Time between connecting flights in Norway

Upvote:6

Remember that with flights on separate tickets (a “self-connection”), if you miss your second flight, you’re in your own: you’ll be considered a no-show, your ticket will most likely be cancelled, and you’ll have to buy (and pay for) a new ticket at last minute prices, usually a lot more expensive. If the next flight is the next day, hotels and meals will be on you.

Also remember you need to have checked-in for the second flight before the check-in deadline. You’re lucky, in your case it’s only 30 minutes, but that still makes the critical path (deplane, wait for luggage, go to departures, queue at check-in) only 1h50.

If all goes well that’s plenty of time. But if there are any issues (first flight cancelled or delayed, slow delivery of luggage…) it can become extremely tight.

There are probably not many other flights (if any) after your chosen flight, which further complicates things.
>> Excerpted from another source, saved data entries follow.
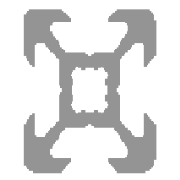
# Autodesk Inventor part: 2020 V-slot 100mm
Saved by Autodesk Inventor 2023 (Build 270158000, 158)
## iProperties
Created: 2023-08-13
Part Number: 2020 V-slot 100mm
Material: Generic
Description: STEP AP214
Document SubType Name: Modeling
Designer: Felix
Language: en-US
Size Designation: (Unnamed 1)
Categories: <MemberInstance><Categories><Category DisplayName="Structural Shapes" InternalName="089c4875-fa83-4c05-b084-43b9cc11f5ed" Mnemonic="GRDR"><CategoryParameter DisplayName="Mass per Length Unit" InternalName="0bb95a10-148f-4027-a459-38d7b056702a" Mnemonic="shpmass"/><CategoryParameter DisplayName="Section Area" InternalName="1ff91680-64b0-4202-b9a3-7fd3f94bba3b" Mnemonic="secarea"/><CategoryParameter DisplayName="Radius of Gyration (x)" InternalName="25778675-03e9-40c1-b6a8-4a9ed693320d" Mnemonic="gyrradx"/><CategoryParameter DisplayName="Torsional Rigidity Modulus" InternalName="26c1ec35-5026-4c63-ad0a-751cf684a536" Mnemonic="torrigmod"/><CategoryParameter DisplayName="Distance of the Center of Gravity X-X" InternalName="26c9bdb8-9c79-4b4f-a92e-8e197583c9c4" Mnemonic="grcendistX"/><CategoryParameter DisplayName="Legacy Member ID" InternalName="340afe4f-75d7-48d3-ab7d-943f3c3da468" Mnemonic="LegacyMemberID"/><CategoryParameter DisplayName="Base Length" InternalName="42e34263-8f20-4d0e-ad48-bf1385b87c24" Mnemonic="shplen"/><CategoryParameter DisplayName="Moment of Inertia (y)" InternalName="4b9f58ea-bced-460e-81ea-3d29ca5a49e3" Mnemonic="inermomy"/><CategoryParameter DisplayName="Moment of Inertia (x)" InternalName="4cd780bc-73d7-43ac-917a-579e5cbd684d" Mnemonic="inermomx"/><CategoryParameter DisplayName="Custom Base Point" InternalName="4f1d1b73-316d-484b-a3df-9cbabb16eb77" Mnemonic="shpBasePoint"/><CategoryParameter DisplayName="Shape Height" InternalName="50274e7d-5ac0-4796-92cb-c59e54983c67" Mnemonic="shpheig"/><CategoryParameter DisplayName="Section Module (y)" InternalName="59eaa5e9-d227-48dc-b6c1-6920f96e0f95" Mnemonic="secmody"/><CategoryParameter DisplayName="Section Designation" InternalName="5a64d034-428d-49c8-ba32-7619764de20f" Mnemonic="shpdes"/><CategoryParameter DisplayName="Section Module (x)" InternalName="72cfad18-cf51-4ed4-aaa7-c6b224f8419f" Mnemonic="secmodx"/><CategoryParameter DisplayName="Torsional Section Modulus" InternalName="7c55a8dc-8844-49f9-a867-cc677b30ec9a" Mnemonic="torsecmod"/><CategoryParameter DisplayName="Shape Width" InternalName="7c717d54-a18f-4666-b4d4-573cce22c62c" Mnemonic="shpwdth"/><CategoryParameter DisplayName="Second Shape Thickness" InternalName="9251a8e1-85fd-4e47-af99-afdb762317d9" Mnemonic="shpthick2"/><CategoryParameter DisplayName="FG Authored" InternalName="9c666724-f362-4ea7-ac62-f6a007de5c69" Mnemonic="shpFGAuto"/><CategoryParameter DisplayName="Distance of the Center of Gravity Y-Y" InternalName="bcc4fb17-7af4-436a-8f8c-d0aa3b0248c5" Mnemonic="grcendistY"/><CategoryParameter DisplayName="Radius of Gyration (y)" InternalName="bfa18ebe-1636-4dbe-8d42-b263e0b73184" Mnemonic="gyrrady"/><CategoryParameter DisplayName="Shape Thickness" InternalName="d109cf76-8eb4-42fc-9800-4409734adc67" Mnemonic="shpthick"/><CategoryParameter DisplayName="Coefficient of Shear Displacement" InternalName="de4c90c6-aaa8-468f-a335-6737b311b5d3" Mnemonic="shdispc"/><Category DisplayName="Other" InternalName="f02205ff-2390-476f-921c-0b3185f88e84" Mnemonic="OTHSHP"><CategoryParameter DisplayName="Moment of Inertia (y)" InternalName="044c654e-f649-48ac-84cc-650a29ae31ca" Mnemonic="inermomy"/><CategoryParameter DisplayName="Shape Thickness" InternalName="12b1a788-9233-48fd-a933-2df8ff42b15f" Mnemonic="shpthick"/><CategoryParameter DisplayName="Mass per Length Unit" InternalName="2fd289d6-9394-4d2d-97e6-6659d7d4551d" Mnemonic="shpmass"/><CategoryParameter DisplayName="Radius of Gyration (y)" InternalName="743e1dfe-1bba-408b-b985-cf752b207386" Mnemonic="gyrrady"/><CategoryParameter DisplayName="Section Module (y)" InternalName="88b8bff9-a616-4028-93d5-ed4f79680d13" Mnemonic="secmody"/><CategoryParameter DisplayName="Section Area" InternalName="c46ecdf8-b6eb-4db9-8b25-30258930c1e3" Mnemonic="secarea"/><CategoryParameter DisplayName="Section Module (x)" InternalName="cac70804-9d39-43bb-be17-56ea1f39a6c2" Mnemonic="secmodx"/><CategoryParameter DisplayName="Moment of Inertia (x)" InternalName="ec6737bc-264f-43ed-b0bd-f6d410c2718d" Mnemonic="inermomx"/><CategoryParameter DisplayName="Radius of Gyration (x)" InternalName="ee72c61e-565e-4fd6-b448-66e1e1abcb7e" Mnemonic="gyrradx"/></Category></Category><Category DisplayName="DataType" InternalName="23b78d0f-2648-40c6-8793-ca6db495c9e8" Mnemonic="DATATYPE"><CategoryParameter DisplayName="DisplayName" InternalName="05415f3d-3907-474b-a020-eb9d644f4cf3" Mnemonic="DISPLAYNAME"/><CategoryParameter DisplayName="Standard" InternalName="0c0a119c-1e12-4c84-803f-101930972f5e" Mnemonic="STANDARD"/><CategoryParameter DisplayName="Description" InternalName="13903e3d-64b1-4950-80da-f627842ea37f" Mnemonic="DESCRIPTION"/><CategoryParameter DisplayName="Designation" InternalName="2675968c-4ce5-49e0-a4f5-552d29089031" Mnemonic="DESIGNATION"/><CategoryParameter DisplayName="Default Row" InternalName="2af9ec52-faaa-4026-b378-f9fa4afca842" Mnemonic="DEFAULTROW"/><CategoryParameter DisplayName="Folder Name" InternalName="3f06958e-8713-4116-9be7-ed6184ecc97b" Mnemonic="FOLDERNAME"/><CategoryParameter DisplayName="Revision Guid" InternalName="45a75005-10b1-4dfc-8d6d-dfe629f0b93c" Mnemonic="REVISIONGUID"/><CategoryParameter DisplayName="FileName" InternalName="8b46a4cc-9585-4fed-90c3-899f57e09a73" Mnemonic="FILENAME"/><CategoryParameter DisplayName="StdsOrg" InternalName="8f5914e1-4693-403f-8ab5-d37768198c9d" Mnemonic="STDSORG"/><CategoryParameter DisplayName="Family Version" InternalName="914462f6-6e19-4b14-ba84-155b9680b1d0" Mnemonic="FAMILYREVISION"/><CategoryParameter DisplayName="Standard Revision" InternalName="91d5a463-65c2-4fde-b823-3b7fea5e8e17" Mnemonic="STANDARDREVISION"/><CategoryParameter DisplayName="Member Revision" InternalName="a65d44b9-392f-4f4f-857b-e4b3d54996fe" Mnemonic="MEMBERREVISION"/><CategoryParameter DisplayName="ClipFormat" InternalName="bc51e27b-3422-4e78-93ef-cec197ddf230" Mnemonic="CLIPFORMAT"/><CategoryParameter DisplayName="Manufacturer" InternalName="cd6c7a72-a28a-4e50-99a9-2c7f4e13e5ad" Mnemonic="MANUFACTURER"/><CategoryParameter DisplayName="InternalName" InternalName="cf1d0246-76d9-4b4a-8305-fa0409afb5c1" Mnemonic="INTERNALNAME"/><CategoryParameter DisplayName="IsMetric" InternalName="e2385c5b-1ea4-4823-96a8-8de651266ec3" Mnemonic="ISMETRIC"/><Category DisplayName="Part" InternalName="c0e0b642-3bcb-4cc8-9e80-f96d35c4afa4" Mnemonic="PART"><CategoryParameter DisplayName="Part Number" InternalName="016b6077-bfbe-49bd-92c9-d8d59c39c941" Mnemonic="PARTNUMBER"/><CategoryParameter DisplayName="Stock Number" InternalName="4dba7c1c-e26c-444e-836c-b08b433409a8" Mnemonic="STOCKNUMBER"/><CategoryParameter DisplayName="Material Key" InternalName="5c9a8adb-dd2b-4535-b97f-0a94a95fe41f" Mnemonic="MATERIALKEY"/><CategoryParameter DisplayName="Material" InternalName="818a152a-d3c3-49ca-80ee-df7d91421b8e" Mnemonic="MATERIAL"/></Category></Category></Categories><FamilyTemplate Id="3663_20220714183005_2020 V-slot 100mm"><FamilyTemplateParameters><FamilyTemplateParameter ObjectType="kUserParameterObject" ValueType="xs:double" Id="12" ObjectReferenceKey="LENGTH"/><FamilyTemplateParameter ObjectType="kPartComponentDefinitionObject" ValueType="xs:string" Id="23" SubObjectId="Material"/><FamilyTemplateParameter ObjectType="kPropertyObject" ValueType="xs:string" Id="26" ObjectReferenceKey="{32853F0F-3444-11d1-9E93-0060B03C1CA6}" SubObjectId="5"/><FamilyTemplateParameter ObjectType="kPropertyObject" ValueType="xs:string" Id="27" ObjectReferenceKey="{32853F0F-3444-11d1-9E93-0060B03C1CA6}" SubObjectId="52"/></FamilyTemplateParameters></FamilyTemplate><CategoryParameterMap><ParamToTemplateMap><ParamToTemplate CategoryParameter="//CategoryParameter[@InternalName='cf1d0246-76d9-4b4a-8305-fa0409afb5c1']" ConstantValue="2063e620-472c-4390-8693-845126e34f3a"/><ParamToTemplate CategoryParameter="//CategoryParameter[@InternalName='45a75005-10b1-4dfc-8d6d-dfe629f0b93c']" ConstantValue="7112f66b-08bf-44d2-881c-74bfb6beee39"/><ParamToTemplate CategoryParameter="//CategoryParameter[@InternalName='3f06958e-8713-4116-9be7-ed6184ecc97b']" ConstantValue="2020 V-slot"/><ParamToTemplate CategoryParameter="//CategoryParameter[@InternalName='8f5914e1-4693-403f-8ab5-d37768198c9d']" TemplateParameter="17"/><ParamToTemplate CategoryParameter="//CategoryParameter[@InternalName='0c0a119c-1e12-4c84-803f-101930972f5e']" TemplateParameter="18"/><ParamToTemplate CategoryParameter="//CategoryParameter[@InternalName='91d5a463-65c2-4fde-b823-3b7fea5e8e17']" TemplateParameter="19"/><ParamToTemplate CategoryParameter="//CategoryParameter[@InternalName='cd6c7a72-a28a-4e50-99a9-2c7f4e13e5ad']" TemplateParameter="20"/><ParamToTemplate CategoryParameter="//CategoryParameter[@InternalName='13903e3d-64b1-4950-80da-f627842ea37f']" ConstantValue="STEP AP214"/><ParamToTemplate CategoryParameter="//CategoryParameter[@InternalName='05415f3d-3907-474b-a020-eb9d644f4cf3']" ConstantValue="2020 V-slot"/><ParamToTemplate CategoryParameter="//CategoryParameter[@InternalName='914462f6-6e19-4b14-ba84-155b9680b1d0']" ConstantValue="11"/><ParamToTemplate CategoryParameter="//CategoryParameter[@InternalName='bc51e27b-3422-4e78-93ef-cec197ddf230']" ConstantValue="CF_INVENTOR.STDPARTS"/><ParamToTemplate CategoryParameter="//CategoryParameter[@InternalName='e2385c5b-1ea4-4823-96a8-8de651266ec3']" ConstantValue="true"/><ParamToTemplate CategoryParameter="//CategoryParameter[@InternalName='2af9ec52-faaa-4026-b378-f9fa4afca842']" ConstantValue="1"/><ParamToTemplate CategoryParameter="//CategoryParameter[@InternalName='9c666724-f362-4ea7-ac62-f6a007de5c69']" ConstantValue="1"/><ParamToTemplate CategoryParameter="//CategoryParameter[@InternalName='8b46a4cc-9585-4fed-90c3-899f57e09a73']" ConstantValue="1"/><ParamToTemplate CategoryParameter="//CategoryParameter[@InternalName='a65d44b9-392f-4f4f-857b-e4b3d54996fe']" ConstantValue="1e38da75-13bc-491b-9e5a-c7c1421ad0a4"/><ParamToTemplate CategoryParameter="//CategoryParameter[@InternalName='a65d44b9-392f-4f4f-857b-e4b3d54996fe']" ConstantValue="1e38da75-13bc-491b-9e5a-c7c1421ad0a4"/><ParamToTemplate CategoryParameter="//CategoryParameter[@InternalName='2675968c-4ce5-49e0-a4f5-552d29089031']" TemplateParameter="27"/><ParamToTemplate CategoryParameter="//CategoryParameter[@InternalName='42e34263-8f20-4d0e-ad48-bf1385b87c24']" TemplateParameter="12"/><ParamToTemplate CategoryParameter="//CategoryParameter[@InternalName='818a152a-d3c3-49ca-80ee-df7d91421b8e']" TemplateParameter="23"/><ParamToTemplate CategoryParameter="//CategoryParameter[@InternalName='016b6077-bfbe-49bd-92c9-d8d59c39c941']" TemplateParameter="26"/></ParamToTemplateMap></CategoryParameterMap></MemberInstance>
Density: 1 g/cm^3
Appearance: Default
IsCustomPart: 1
_CCFamilyDisplayName: 2020 V-slot - STEP AP214
_FrameMemberDoc: Frame Member File
_Version: 25.0.0
_GetPNFromCC: 1
Title: 2020 V-slot 100mm.STEP
Author: Felix
Sending System: SolidWorks 2018
Preprocessor: SwSTEP 2.0
G_L: 520,000 mm
G_W: 20,000 mm
G_H: 20,000 mm
+3BCE196E-394D-4133-8DB2-D45BFDC7B2EE+CUTDETAIL1: Corner Joint
+C0951EA9-A871-42D9-A546-154018CCC8EC+CUTDETAIL2: Corner Joint
Autodesk Inventor part; units mm, degrees
ref_plane "YZ Plane" through (0, 0, 0) normal (1, 0, 0) x (0, 1, 0)
ref_plane "XZ Plane" through (0, 0, 0) normal (0, 1, 0) x (-1, 0, 0)
ref_plane "XY Plane" through (0, 0, 0) normal (0, 0, 1) x (1, 0, 0)
ref_plane "Work Plane5" through (12.8, 0, 50) normal (0, 0, 1) x (1, 0, 0)
sketch "Sketch" plane through (12.8, 0, 50) normal (0, 0, 1) x (1, 0, 0)
  arc A0 (1.7, 2.7322) -> (1.5536, 3.0858) centre (1.2, 2.7322) ccw
  line L0 (1.7, 2.7322) -> (1.7, 2)
  arc A1 (1.2, 1.5) -> (1.7, 2) centre (1.2, 2) ccw
  line L1 (1.2, 1.5) -> (-1.2, 1.5)
  line L2 (-1.2, 1.5) -> (-1.2, 1.2)
  line L3 (-1.2, 1.2) -> (0, 0)
  line L4 (0, 0) -> (4.2, 0)
  arc A2 (4.2, 0) -> (5.7, 1.5) centre (4.2, 1.5) ccw
  line L5 (5.7, 1.5) -> (5.7, 5.7)
  line L6 (5.7, 5.7) -> (4.5, 6.9)
  line L7 (4.5, 6.9) -> (4.2, 6.9)
  line L8 (4.2, 6.9) -> (4.2, 4.5)
  arc A3 (3.7, 4) -> (4.2, 4.5) centre (3.7, 4.5) ccw
  line L9 (3.7, 4) -> (2.9678, 4)
  arc A4 (2.6142, 4.1464) -> (2.9678, 4) centre (2.9678, 4.5) ccw
  line L10 (2.6142, 4.1464) -> (0.3464, 6.4142)
  arc A5 (0.2, 6.7678) -> (0.3464, 6.4142) centre (0.7, 6.7678) ccw
  line L11 (0.2, 6.7678) -> (0.2, 9.0464)
  arc A6 (0.2, 9.0464) -> (0.1732, 9.1464) centre (0, 9.0464) ccw
  line L12 (0.1732, 9.1464) -> (-0.2619, 9.9)
  arc A7 (-0.2619, 10.1) -> (-0.2619, 9.9) centre (-0.0887, 10) ccw
  line L13 (-0.2619, 10.1) -> (0.1732, 10.8536)
  arc A8 (0.1732, 10.8536) -> (0.2, 10.9536) centre (0, 10.9536) ccw
  line L14 (0.2, 10.9536) -> (0.2, 13.2322)
  arc A9 (0.3464, 13.5858) -> (0.2, 13.2322) centre (0.7, 13.2322) ccw
  line L15 (0.3464, 13.5858) -> (2.6142, 15.8536)
  arc A10 (2.9678, 16) -> (2.6142, 15.8536) centre (2.9678, 15.5) ccw
  line L16 (2.9678, 16) -> (3.7, 16)
  arc A11 (4.2, 15.5) -> (3.7, 16) centre (3.7, 15.5) ccw
  line L17 (4.2, 15.5) -> (4.2, 13.1)
  line L18 (4.2, 13.1) -> (4.5, 13.1)
  line L19 (4.5, 13.1) -> (5.7, 14.3)
  line L20 (5.7, 14.3) -> (5.7, 18.5)
  arc A12 (5.7, 18.5) -> (4.2, 20) centre (4.2, 18.5) ccw
  line L21 (4.2, 20) -> (0, 20)
  line L22 (0, 20) -> (-1.2, 18.8)
  line L23 (-1.2, 18.8) -> (-1.2, 18.5)
  line L24 (-1.2, 18.5) -> (1.2, 18.5)
  arc A13 (1.7, 18) -> (1.2, 18.5) centre (1.2, 18) ccw
  line L25 (1.7, 18) -> (1.7, 17.2678)
  arc A14 (1.5536, 16.9142) -> (1.7, 17.2678) centre (1.2, 17.2678) ccw
  line L26 (1.5536, 16.9142) -> (-0.7142, 14.6464)
  arc A15 (-1.0678, 14.5) -> (-0.7142, 14.6464) centre (-1.0678, 15) ccw
  line L27 (-1.0678, 14.5) -> (-3.3464, 14.5)
  arc A16 (-3.3464, 14.5) -> (-3.4464, 14.4732) centre (-3.3464, 14.3) ccw
  line L28 (-3.4464, 14.4732) -> (-4.2, 14.0381)
  arc A17 (-4.4, 14.0381) -> (-4.2, 14.0381) centre (-4.3, 14.2113) ccw
  line L29 (-4.4, 14.0381) -> (-5.1536, 14.4732)
  arc A18 (-5.1536, 14.4732) -> (-5.2536, 14.5) centre (-5.2536, 14.3) ccw
  line L30 (-5.2536, 14.5) -> (-7.5322, 14.5)
  arc A19 (-7.8858, 14.6464) -> (-7.5322, 14.5) centre (-7.5322, 15) ccw
  line L31 (-7.8858, 14.6464) -> (-10.1536, 16.9142)
  arc A20 (-10.3, 17.2678) -> (-10.1536, 16.9142) centre (-9.8, 17.2678) ccw
  line L32 (-10.3, 17.2678) -> (-10.3, 18)
  arc A21 (-9.8, 18.5) -> (-10.3, 18) centre (-9.8, 18) ccw
  line L33 (-9.8, 18.5) -> (-7.4, 18.5)
  line L34 (-7.4, 18.5) -> (-7.4, 18.8)
  line L35 (-7.4, 18.8) -> (-8.6, 20)
  line L36 (-8.6, 20) -> (-12.8, 20)
  arc A22 (-12.8, 20) -> (-14.3, 18.5) centre (-12.8, 18.5) ccw
  line L37 (-14.3, 18.5) -> (-14.3, 14.3)
  line L38 (-14.3, 14.3) -> (-13.1, 13.1)
  line L39 (-13.1, 13.1) -> (-12.8, 13.1)
  line L40 (-12.8, 13.1) -> (-12.8, 15.5)
  arc A23 (-12.3, 16) -> (-12.8, 15.5) centre (-12.3, 15.5) ccw
  line L41 (-12.3, 16) -> (-11.5678, 16)
  arc A24 (-11.2142, 15.8536) -> (-11.5678, 16) centre (-11.5678, 15.5) ccw
  line L42 (-11.2142, 15.8536) -> (-8.9464, 13.5858)
  arc A25 (-8.8, 13.2322) -> (-8.9464, 13.5858) centre (-9.3, 13.2322) ccw
  line L43 (-8.8, 13.2322) -> (-8.8, 10.9536)
  arc A26 (-8.8, 10.9536) -> (-8.7732, 10.8536) centre (-8.6, 10.9536) ccw
  line L44 (-8.7732, 10.8536) -> (-8.3381, 10.1)
  arc A27 (-8.3381, 9.9) -> (-8.3381, 10.1) centre (-8.5113, 10) ccw
  line L45 (-8.3381, 9.9) -> (-8.7732, 9.1464)
  arc A28 (-8.7732, 9.1464) -> (-8.8, 9.0464) centre (-8.6, 9.0464) ccw
  line L46 (-8.8, 9.0464) -> (-8.8, 6.7678)
  arc A29 (-8.9464, 6.4142) -> (-8.8, 6.7678) centre (-9.3, 6.7678) ccw
  line L47 (-8.9464, 6.4142) -> (-11.2142, 4.1464)
  arc A30 (-11.5678, 4) -> (-11.2142, 4.1464) centre (-11.5678, 4.5) ccw
  line L48 (-11.5678, 4) -> (-12.3, 4)
  arc A31 (-12.8, 4.5) -> (-12.3, 4) centre (-12.3, 4.5) ccw
  line L49 (-12.8, 4.5) -> (-12.8, 6.9)
  line L50 (-12.8, 6.9) -> (-13.1, 6.9)
  line L51 (-13.1, 6.9) -> (-14.3, 5.7)
  line L52 (-14.3, 5.7) -> (-14.3, 1.5)
  arc A32 (-14.3, 1.5) -> (-12.8, 0) centre (-12.8, 1.5) ccw
  line L53 (-12.8, 0) -> (-8.6, 0)
  line L54 (-8.6, 0) -> (-7.4, 1.2)
  line L55 (-7.4, 1.2) -> (-7.4, 1.5)
  line L56 (-7.4, 1.5) -> (-9.8, 1.5)
  arc A33 (-10.3, 2) -> (-9.8, 1.5) centre (-9.8, 2) ccw
  line L57 (-10.3, 2) -> (-10.3, 2.7322)
  arc A34 (-10.1536, 3.0858) -> (-10.3, 2.7322) centre (-9.8, 2.7322) ccw
  line L58 (-10.1536, 3.0858) -> (-7.8858, 5.3536)
  arc A35 (-7.5322, 5.5) -> (-7.8858, 5.3536) centre (-7.5322, 5) ccw
  line L59 (-7.5322, 5.5) -> (-5.2536, 5.5)
  arc A36 (-5.2536, 5.5) -> (-5.1536, 5.5268) centre (-5.2536, 5.7) ccw
  line L60 (-5.1536, 5.5268) -> (-4.4, 5.9619)
  arc A37 (-4.2, 5.9619) -> (-4.4, 5.9619) centre (-4.3, 5.7887) ccw
  line L61 (-4.2, 5.9619) -> (-3.4464, 5.5268)
  arc A38 (-3.4464, 5.5268) -> (-3.3464, 5.5) centre (-3.3464, 5.7) ccw
  line L62 (-3.3464, 5.5) -> (-1.0678, 5.5)
  arc A39 (-0.7142, 5.3536) -> (-1.0678, 5.5) centre (-1.0678, 5) ccw
  line L63 (-0.7142, 5.3536) -> (1.5536, 3.0858)
  line L64 (-6.7453, 8.7418) -> (-7.2922, 8.0901)
  arc A40 (-6.7453, 11.2582) -> (-6.7453, 8.7418) centre (-4.3, 10) ccw
  line L65 (-7.2922, 11.9099) -> (-6.7453, 11.2582)
  arc A41 (-6.2139, 12.9896) -> (-7.2922, 11.9099) centre (-4.3, 10) ccw
  line L66 (-5.5582, 12.4453) -> (-6.2139, 12.9896)
  arc A42 (-3.0418, 12.4453) -> (-5.5582, 12.4453) centre (-4.3, 10) ccw
  line L67 (-2.3861, 12.9896) -> (-3.0418, 12.4453)
  arc A43 (-1.3078, 11.9099) -> (-2.3861, 12.9896) centre (-4.3, 10) ccw
  line L68 (-1.8547, 11.2582) -> (-1.3078, 11.9099)
  arc A44 (-1.8547, 8.7418) -> (-1.8547, 11.2582) centre (-4.3, 10) ccw
  line L69 (-1.3078, 8.0901) -> (-1.8547, 8.7418)
  arc A45 (-2.3861, 7.0104) -> (-1.3078, 8.0901) centre (-4.3, 10) ccw
  line L70 (-3.0418, 7.5547) -> (-2.3861, 7.0104)
  arc A46 (-5.5582, 7.5547) -> (-3.0418, 7.5547) centre (-4.3, 10) ccw
  line L71 (-6.2139, 7.0104) -> (-5.5582, 7.5547)
  arc A47 (-7.2922, 8.0901) -> (-6.2139, 7.0104) centre (-4.3, 10) ccw
  constraints: 144 end point, 96 point on circle, 48 centre point, 20 horizontal, 16 vertical, 253 other
ref_plane "Start Plane" through (12.8, 0, 50) normal (0, 0, 1) x (1, 0, 0)
ref_plane "End Plane" through (12.8, 0, 570) normal (0, 0, 1) x (1, 0, 0)
extrude "Body" add sketch "Sketch" along normal up to surface (520 mm away) from surface at 0
sketch "Sketch8" plane through (12.8, 0, 50) normal (0, 0, 1) x (1, 0, 0)
  line L0 (0, 0) -> (10, 0)
ref_plane "Work Plane10" through (12.8, 0, 50) normal (0, -1, 0) x (1, 0, 0)
sketch "Sketch9" plane through (12.8, 0, 50) normal (0, -1, 0) x (1, 0, 0)
  line L0 (-2, 0) -> (12, 0)
  line L1 (-2, 520) -> (12, 520)
  dimension "d16" = 520
  measures "d16" distance between parallel lines of L0 L1
ref_plane "Work Plane11" through (8.5, 0, 570) normal (0, 0, 1) x (1, 0, 0)
split "Split1" plane through (8.5, 0, 570) removes the side toward (0, 0, 1)
ref_plane "Work Plane12" through (8.5, -714, 50) normal (0, 0, -1) x (-1, 0, 0)
split "Split2" plane through (8.5, -714, 50) removes the side toward (0, 0, -1)
equation "\"G_OFFSET_START\" = 0"
equation "\"G_OFFSET_END\" = 0"
equation "\"G_L\" = d16"
equation "\"G_OFFSET_START1\" = 0"
equation "\"G_OFFSET_END1\" = 0"
body "Solid2"

In normal times the rule of thumb for self-connections is at least 4 hours (more of the second flight is expensive or infrequent, usually a long-haul flight, or if there is immigration involved and it can be slow). These days…

Upvote:8

"And by this I mean going through customs and immigration"

There would be no immigration in this flight. It is just a domestic (intra-Schengen) flight from Frankfurt to Oslo. You just exit from the aircraft and go to the luggage belt. This is not an "international" flight (non-Schengen to Schengen).

As another comment said, in normal circumstances, more than 2 hours is quite sufficient but as there have been a lot of news about chaos at European airports, no one knows. Just 2 days ago there was a news which said "5,000 suitcases from Lufthansa passengers alone are left behind at Frankfurt Airport every day. Some of these bags are now being transported by truck to Munich Airport because there is more capacity there to deliver the luggage to its owners". Now, if something like that happens in your case, then it may be difficult to make the connection as you will first have to wait and see if your bag didn't arrive, then contact Lufthansa desk, lodge a complaint, etc. This can take a lot of times.

But if your luggage is in your flight from Frankfurt, and your flight from Frankfurt is not delayed, you should be fine.